INSTRUCTIONS TO FOLLOW: Retype the material below exactly, from its first line through the line with "Gain26 : Gain"; the pictures stay out.

■ ■ ■

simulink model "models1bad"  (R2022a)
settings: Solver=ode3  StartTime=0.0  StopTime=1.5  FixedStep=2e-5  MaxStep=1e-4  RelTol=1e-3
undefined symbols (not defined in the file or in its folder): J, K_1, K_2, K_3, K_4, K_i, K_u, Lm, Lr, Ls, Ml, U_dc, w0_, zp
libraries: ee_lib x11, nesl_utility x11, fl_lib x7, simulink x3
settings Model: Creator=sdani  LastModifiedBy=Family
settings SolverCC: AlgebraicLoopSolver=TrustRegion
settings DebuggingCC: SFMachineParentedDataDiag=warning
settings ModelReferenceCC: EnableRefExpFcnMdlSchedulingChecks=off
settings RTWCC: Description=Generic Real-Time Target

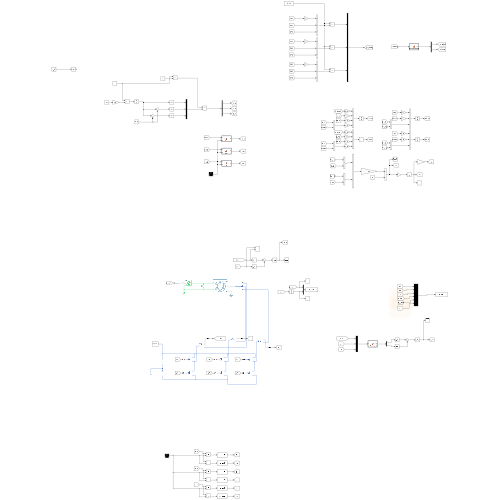
[thumbnail: Simulink's stored preview of the top-level diagram]
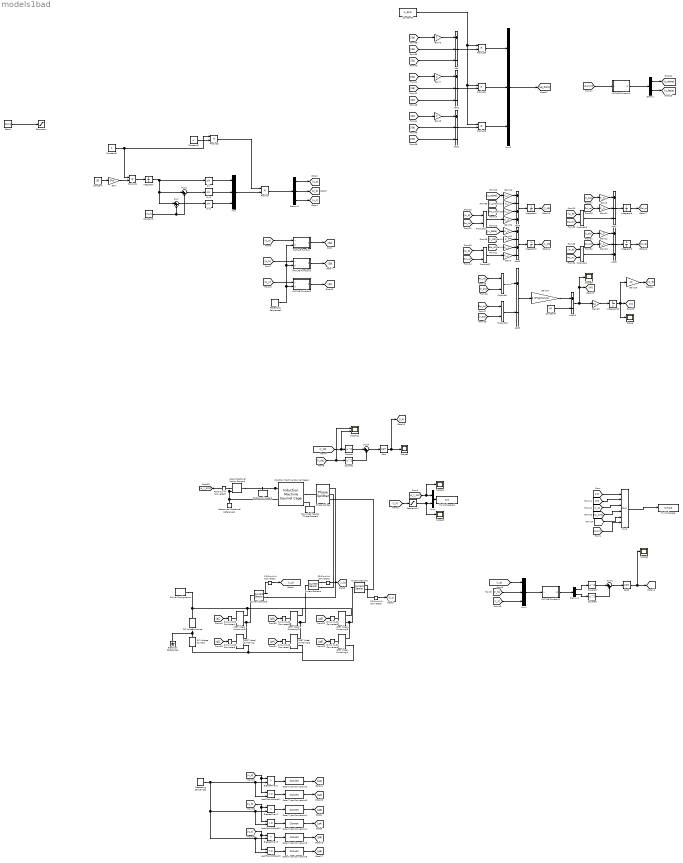
== system models1bad ==
  Add{,1..2,7} (4 alike) : Sum  Inputs=+--
  Add10 : Sum  Inputs=+-
  Add5 : Sum  Inputs=+-++
  Add6 : Sum  Inputs=+-+-
  Add8 : Sum  Inputs=+-+
  Add9 : Sum  Inputs=+-
  Constant : Constant  Value=50
  Constant1 : Constant  Value=2*pi/3
  Constant2 : Constant  Value=u
  Constant4 : Constant  Value=Ml
  Constant5 : Constant  Value=U_dc/3
  Constant6 : Constant
  Current Sensor3 : fl_lib/Electrical/Electrical Sensors/Current Sensor
      settings: SourceProductBaseCode=PW,SS,VE
  Current Sensor4 : fl_lib/Electrical/Electrical Sensors/Current Sensor
      settings: SourceProductBaseCode=PW,SS,VE
  Current Sensor5 : fl_lib/Electrical/Electrical Sensors/Current Sensor
      settings: SourceProductBaseCode=PW,SS,VE
  DC Voltage Source : ee_lib/Additional Components/SPICE Sources/DC Voltage Source  DC=U_dc*0.575 V
  DC Voltage Source1 : ee_lib/Additional Components/SPICE Sources/DC Voltage Source  DC=U_dc*0.575 V
  Data Type Conversion{1..6} (6 alike) : DataTypeConversion  SaturateOnIntegerOverflow=off  RndMeth=Floor
  Demux : Demux  Outputs=2
  Demux1 : Demux  Outputs=3
  Demux2 : Demux  Outputs=2
  Electrical Reference1 : fl_lib/Electrical/Electrical Elements/Electrical Reference
      settings: SourceProductBaseCode=PW,SS,VE
  Gain : Gain  Gain=2*pi
  Gain2 : Gain  Gain=K_i
  Gain21 : Gain  Gain=K_4
  Gain22 : Gain  Gain=K_3
  Gain23 : Gain  Gain=K_4
  Gain24 : Gain  Gain=1.5*zp*Lm/Lr
  Gain25 : Gain  Gain=1/J
  Gain26 : Gain  Gain=K_u
  Gain27 : Gain  Gain=K_i
  Gain28 : Gain  Gain=K_1
  Gain29 : Gain  Gain=zp
  Gain3 : Gain  Gain=K_1
  Gain30 : Gain  Gain=K_2
  Gain31 : Gain  Gain=K_u
  Gain4 : Gain  Gain=K_2
  Gain5 : Gain  Gain=K_3
  Gain6 : Gain  Gain=2
  Gain7 : Gain  Gain=2
  Gain8 : Gain  Gain=2
  GreaterThan1 : RelationalOperator  Operator=>  OutDataTypeStr=boolean  RndMeth=Simplest  InputSameDT=off
  GreaterThan2 : RelationalOperator  Operator=>  OutDataTypeStr=boolean  RndMeth=Simplest  InputSameDT=off
  GreaterThan3 : RelationalOperator  Operator=>  OutDataTypeStr=boolean  RndMeth=Simplest  InputSameDT=off
  Grounded Neutral (Three-Phase)1 : ee_lib/Connectors & References/Grounded Neutral (Three-Phase)
      settings: SourceProductBaseCode=PS
  IGBT (Ideal, Switching){,1..4,6} (6 alike) : ee_lib/Semiconductors & Converters/IGBT (Ideal, Switching)  Vf=0.8 V  Ron=0.001 Ohm  Goff=1e-5 1/Ohm  Vth=.5 V  diode_param=ee.enum.converters.protectiondiode.none  diode_Vf=0.8 V  diode_Ron=0.001 Ohm  diode_Goff=1e-5 1/Ohm  diode_C=50e-9 F  diode_iRM=-235 A  diode_iF=300 A  diode_idot=-50 A/us  diode_trr_param=ee.enum.converters.diodeReverseParam.trr_factor  diode_trr_factor=3  diode_trr=15 us  diode_Qrr=1500 s*uA  thermal_loss_option=ee.enum.converters.thermalLossOption.constantvalues  Von_data=[0, .1, .6, .8, 1, 1.3, 1.6, 2, 2.4; 0, .1, .7, 1, 1.2, 1.5, 1.9, 2.4, 2.8] V  Tj=[298.15, 398.15] K  Iout_data=[0, .1, 1, 5, 10, 20, 40, 70, 100] A  Eon_data=[0, .0024, .024, .12, .2, .48, 1.04, 2.16, 3.24; 0, .003, .03, .15, .25, .6, 1.3, 2.7, 4.05] * 1e-3 J  Eoff_data=[0, .0007, .0066, .033, .066, .17, .33, .83, 1.5; 0, .001, .01, .05, .1, .25, .5, 1.2, 2.2] * 1e-3 J  Tj_loss=[298.15, 398.15] K  Iout_data_loss=[0, .1, 1, 5, 10, 20, 40, 70, 100] A  Eon_scalar=22.86e-3 J  Eoff_scalar=17.14e-3 J  Voff=300 V  Iout_scalar=600 A  diodeModelType=ee.enum.converters.diodeModelType.pwl  diodeTableType=ee.enum.diode.tableType.IfMat  diode_IfMat=[.07, .12, .19, 1.75, 4.24, 7.32, 11.2; .16, .3, .72, 2.14, 4.02, 6.35, 9.12] A  diode_VfMat=[.9, 1.15, 1.25, 1.5, 1.75, 2.17, 2.6, 2.85; .58, .68, .75, 1.1, 1.38, 1.77, 2.27, 2.7] V  diode_TjVec=[25, 125] degC  diode_VfVec=[.5, .7, .9, 1.3, 1.7, 2.1, 2.5] V  diode_IfVec=[.1, .2, .5, 1, 2, 4, 7, 10] A  diode_Vr=-600 V  diode_Ls=150 nH  diode_Erec=0.03 J  thermal_network_parameterization=ee.enum.thermalNetworkTopology.external  Rth=[.08, .5] K/W  Rth_Cauer=[.08, .1, .5] K/W  Rth_Foster=[.08, .14, .22, .16] K/W  thermal_mass_parameterization=ee.enum.thermalNetwork.timeconstant  thermal_mass=[.01, .5] J/K  thermal_mass_Cauer=[.01, .1, .5] J/K  thermal_mass_Foster=[.001, .005, .05, .5] J/K  thermal_time_constant=[.001, .2] s  thermal_time_constant_Cauer=[.001, .1, .2] s  thermal_time_constant_Foster=[7e-05, .0007, .01, .08] s  thermal_mass_initial_temperatures=[25, 25] degC  thermal_mass_initial_temperatures_Cauer=[25, 25, 25] degC  junction_thermal_mass=0.01 J/K  steadyState_Foster=simscape.enum.onoff.on  Tvec_initial_Foster=[25, 25, 25, 25] degC  no_thermal_network=0  junction_temperature_specify=off  junction_temperature_priority=None  junction_temperature=25 degC  junction_temperature_nominal_specify=off  junction_temperature_nominal_unit=degC  junction_temperature_nominal_value=1  vT_specify=off  vT_priority=None  vT=0 V  vT_nominal_specify=off  vT_nominal_unit=V  vT_nominal_value=1  Qj_specify=off  Qj_priority=None  Qj=0 W  Qj_nominal_specify=off  Qj_nominal_unit=W  Qj_nominal_value=1
  Ideal Rotational Motion Sensor1 : fl_lib/Mechanical/Mechanical Sensors/Ideal Rotational Motion Sensor  wrap_angle=simscape.enum.onoff.off  offset=0 rad
      settings: SourceProductBaseCode=PW,SS,VE
  Induction Machine Squirrel Cage1 : ee_lib/Electromechanical/Asynchronous/Induction Machine Squirrel Cage  port_option=ee.enum.threePhasePort.composite  SRated=0.75 kW  VRated=220 V  FRated=50 Hz  nPolePairs=3  param_unit=ee.enum.unit.si  squirrel_cage=ee.enum.squirrelcage.Single  zero_sequence=ee.enum.park.zerosequence.exclude  initialization_option=ee.enum.asm.initialization.fluxvariables  Rs=Rs Ohm  Xls=Ls*w0_ Ohm  pu_Rs=0.0258  pu_Lls=0.0413  Rrd=Rr Ohm  Xlrd=Lr*w0_ Ohm  pu_Rrd=0.0145  pu_Llrd=0.0424  Rrd1=0.28 Ohm  Xlrd1=0.82 Ohm  Rrd2=0.28 Ohm  Xlrd2=0.82 Ohm  pu_Rrd1=0.0290  pu_Llrd1=0.0848  pu_Rrd2=0.0290  pu_Llrd2=0.0848  Xm=Lm*w0_ Ohm  pu_Lm=1.7562  X0=0.4 Ohm  pu_L0=0.0413  saturation_option=ee.enum.saturation.exclude  saturation_i=[0, 4, 9, 18, 25, 34, 50, 68, 95, 120] A  saturation_v=[0, 88, 154, 198, 220, 242, 264, 286, 308, 327] V  pu_saturation_i=[0, .176, .396, .792, 1.1, 1.496, 2.2, 2.992, 4.18, 5.28]  pu_saturation_v=[0, .4, .7, .9, 1, 1.1, 1.2, 1.3, 1.4, 1.4864]  connection_option=ee.enum.Connection.delta  angular_position_specify=off  angular_position_priority=None  angular_position=0 deg  angular_position_nominal_specify=off  angular_position_nominal_unit=deg  angular_position_nominal_value=1  pu_psids_specify=off  pu_psids_priority=None  pu_psids=0  pu_psids_nominal_specify=off  pu_psids_nominal_unit=1  pu_psids_nominal_value=1  pu_psiqs_specify=off  pu_psiqs_priority=None  pu_psiqs=0  pu_psiqs_nominal_specify=off  pu_psiqs_nominal_unit=1  pu_psiqs_nominal_value=1  pu_psi0s_specify=off  pu_psi0s_priority=None  pu_psi0s=0  pu_psi0s_nominal_specify=off  pu_psi0s_nominal_unit=1  pu_psi0s_nominal_value=1  pu_psidr_specify=off  pu_psidr_priority=None  pu_psidr=0  pu_psidr_nominal_specify=off  pu_psidr_nominal_unit=1  pu_psidr_nominal_value=1  pu_psiqr_specify=off  pu_psiqr_priority=None  pu_psiqr=0  pu_psiqr_nominal_specify=off  pu_psiqr_nominal_unit=1  pu_psiqr_nominal_value=1  pu_psidr1_specify=off  pu_psidr1_priority=None  pu_psidr1=0  pu_psidr1_nominal_specify=off  pu_psidr1_nominal_unit=1  pu_psidr1_nominal_value=1  pu_psiqr1_specify=off  pu_psiqr1_priority=None  pu_psiqr1=0  pu_psiqr1_nominal_specify=off  pu_psiqr1_nominal_unit=1  pu_psiqr1_nominal_value=1  pu_psidr2_specify=off  pu_psidr2_priority=None  pu_psidr2=0  pu_psidr2_nominal_specify=off  pu_psidr2_nominal_unit=1  pu_psidr2_nominal_value=1  pu_psiqr2_specify=off  pu_psiqr2_priority=None  pu_psiqr2=0  pu_psiqr2_nominal_specify=off  pu_psiqr2_nominal_unit=1  pu_psiqr2_nominal_value=1  psids_specify=off  psids_priority=None  psids=0 Wb  psids_nominal_specify=off  psids_nominal_unit=Wb  psids_nominal_value=1  psiqs_specify=off  psiqs_priority=None  psiqs=0 Wb  psiqs_nominal_specify=off  psiqs_nominal_unit=Wb  psiqs_nominal_value=1  psi0s_specify=off  psi0s_priority=None  psi0s=0 Wb  psi0s_nominal_specify=off  psi0s_nominal_unit=Wb  psi0s_nominal_value=1  psidr_specify=off  psidr_priority=None  psidr=0 Wb  psidr_nominal_specify=off  psidr_nominal_unit=Wb  psidr_nominal_value=1  psiqr_specify=off  psiqr_priority=None  psiqr=0 Wb  psiqr_nominal_specify=off  psiqr_nominal_unit=Wb  psiqr_nominal_value=1  psidr1_specify=off  psidr1_priority=None  psidr1=0 Wb  psidr1_nominal_specify=off  psidr1_nominal_unit=Wb  psidr1_nominal_value=1  psiqr1_specify=off  psiqr1_priority=None  psiqr1=0 Wb  psiqr1_nominal_specify=off  psiqr1_nominal_unit=Wb  psiqr1_nominal_value=1  psidr2_specify=off  psidr2_priority=None  psidr2=0 Wb  psidr2_nominal_specify=off  psidr2_nominal_unit=Wb  psidr2_nominal_value=1  psiqr2_specify=off  psiqr2_priority=None  psiqr2=0 Wb  psiqr2_nominal_specify=off  psiqr2_nominal_unit=Wb  psiqr2_nominal_value=1  slip_specify=off  slip_priority=None  slip=0  slip_nominal_specify=off  slip_nominal_unit=1  slip_nominal_value=1  real_power_generated_specify=off  real_power_generated_priority=None  real_power_generated=0 W  real_power_generated_nominal_specify=off  real_power_generated_nominal_unit=W  real_power_generated_nominal_value=1  mechanical_power_consumed_specify=off  mechanical_power_consumed_priority=None  mechanical_power_consumed=0 W  mechanical_power_consumed_nominal_specify=off  mechanical_power_consumed_nominal_unit=W  mechanical_power_consumed_nominal_value=1  Tmeas=298.15 K  alpha=3.93e-3 1/K  alpha_cage=4.4e-3 1/K  stator_thermal_mass=100 J/K  rotor_thermal_mass=200 J/K  temperatureA_specify=off  temperatureA_priority=High  temperatureA=25 degC  temperatureA_nominal_specify=off  temperatureA_nominal_unit=degC  temperatureA_nominal_value=1  temperatureB_specify=off  temperatureB_priority=High  temperatureB=25 degC  temperatureB_nominal_specify=off  temperatureB_nominal_unit=degC  temperatureB_nominal_value=1  temperatureC_specify=off  temperatureC_priority=High  temperatureC=25 degC  temperatureC_nominal_specify=off  temperatureC_nominal_unit=degC  temperatureC_nominal_value=1  temperatureR_specify=off  temperatureR_priority=High  temperatureR=25 degC  temperatureR_nominal_specify=off  temperatureR_nominal_unit=degC  temperatureR_nominal_value=1
      settings: SourceProductBaseCode=PS  InternalSimscapePortConfiguration="{\"Bottom\":[],\"Left\":[{\"id\":\"R\",\"label\":\"R\",\"type\":\"foundation.mechanical.rotational.rotational\"},{\"id\":\"C\",\"label\":\"C\",\"type\":\"foundation.mechanical.rotational.rotational\"}],\"Right\":[{\"id\":\"pu_output\",\"label\":\"pu\",\"type\":\"output\"},{\"id\":\"N1\",\"label\":\"~1\",\"type\":\"foundation.electrical.three_phase\"},{\"id\":\"N2\",\"label\":\"~2\",\"type\":\"foundation.electrical.three_phase\"}],\"Top\":[]}"
  Integrator{,1..2,8..10} (6 alike) : Integrator
  LessThanOrEqual1 : RelationalOperator  Operator=<=  OutDataTypeStr=boolean  RndMeth=Simplest  InputSameDT=off
  LessThanOrEqual2 : RelationalOperator  Operator=<=  OutDataTypeStr=boolean  RndMeth=Simplest  InputSameDT=off
  LessThanOrEqual3 : RelationalOperator  Operator=<=  OutDataTypeStr=boolean  RndMeth=Simplest  InputSameDT=off
  MATLAB Function : MATLAB Function  TreatAsAtomicUnit=on
  MATLAB Function1 : MATLAB Function  TreatAsAtomicUnit=on  SystemSampleTime=2e-5
  MATLAB Function2 : MATLAB Function  TreatAsAtomicUnit=on
  MATLAB Function3 : MATLAB Function  TreatAsAtomicUnit=on
  MATLAB Function4 : MATLAB Function  TreatAsAtomicUnit=on  SystemSampleTime=2e-5
  Mechanical Rotational Reference2 : fl_lib/Mechanical/Rotational Elements/Mechanical Rotational Reference
      settings: SourceProductBaseCode=PW,SS,VE
  Mux : Mux  Inputs=3
  Mux1 : Mux  Inputs=3
  Mux2 : Mux  Inputs=6
  Mux3 : Mux  Inputs=3
  Mux4 : Mux  Inputs=2
  PS-Simulink Converter{1..3,5} (4 alike) : nesl_utility/PS-Simulink Converter  PhysicalDomain=network_engine_domain  SubClassName=ps_output  LeftPortType=input  RightPortType=output  PseudoPeriodic=off  Frequencies=[]  VectorFormat=inherit  Unit=inherit  AffineConversion=off
      settings: SourceProductBaseCode=SS,PW,VE
  Phase Splitter : ee_lib/Connectors & References/Phase Splitter
      settings: SourceProductBaseCode=PS
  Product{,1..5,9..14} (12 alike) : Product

■ ■ ■

RESULT:
simulink model "models1bad"  (R2022a)
settings: Solver=ode3  StartTime=0.0  StopTime=1.5  FixedStep=2e-5  MaxStep=1e-4  RelTol=1e-3
undefined symbols (not defined in the file or in its folder): J, K_1, K_2, K_3, K_4, K_i, K_u, Lm, Lr, Ls, Ml, U_dc, w0_, zp
libraries: ee_lib x11, nesl_utility x11, fl_lib x7, simulink x3
settings Model: Creator=sdani  LastModifiedBy=Family
settings SolverCC: AlgebraicLoopSolver=TrustRegion
settings DebuggingCC: SFMachineParentedDataDiag=warning
settings ModelReferenceCC: EnableRefExpFcnMdlSchedulingChecks=off
settings RTWCC: Description=Generic Real-Time Target

[thumbnail: Simulink's stored preview of the top-level diagram]
== system models1bad ==
  Add{,1..2,7} (4 alike) : Sum  Inputs=+--
  Add10 : Sum  Inputs=+-
  Add5 : Sum  Inputs=+-++
  Add6 : Sum  Inputs=+-+-
  Add8 : Sum  Inputs=+-+
  Add9 : Sum  Inputs=+-
  Constant : Constant  Value=50
  Constant1 : Constant  Value=2*pi/3
  Constant2 : Constant  Value=u
  Constant4 : Constant  Value=Ml
  Constant5 : Constant  Value=U_dc/3
  Constant6 : Constant
  Current Sensor3 : fl_lib/Electrical/Electrical Sensors/Current Sensor
      settings: SourceProductBaseCode=PW,SS,VE
  Current Sensor4 : fl_lib/Electrical/Electrical Sensors/Current Sensor
      settings: SourceProductBaseCode=PW,SS,VE
  Current Sensor5 : fl_lib/Electrical/Electrical Sensors/Current Sensor
      settings: SourceProductBaseCode=PW,SS,VE
  DC Voltage Source : ee_lib/Additional Components/SPICE Sources/DC Voltage Source  DC=U_dc*0.575 V
  DC Voltage Source1 : ee_lib/Additional Components/SPICE Sources/DC Voltage Source  DC=U_dc*0.575 V
  Data Type Conversion{1..6} (6 alike) : DataTypeConversion  SaturateOnIntegerOverflow=off  RndMeth=Floor
  Demux : Demux  Outputs=2
  Demux1 : Demux  Outputs=3
  Demux2 : Demux  Outputs=2
  Electrical Reference1 : fl_lib/Electrical/Electrical Elements/Electrical Reference
      settings: SourceProductBaseCode=PW,SS,VE
  Gain : Gain  Gain=2*pi
  Gain2 : Gain  Gain=K_i
  Gain21 : Gain  Gain=K_4
  Gain22 : Gain  Gain=K_3
  Gain23 : Gain  Gain=K_4
  Gain24 : Gain  Gain=1.5*zp*Lm/Lr
  Gain25 : Gain  Gain=1/J
  Gain26 : Gain  Gain=K_u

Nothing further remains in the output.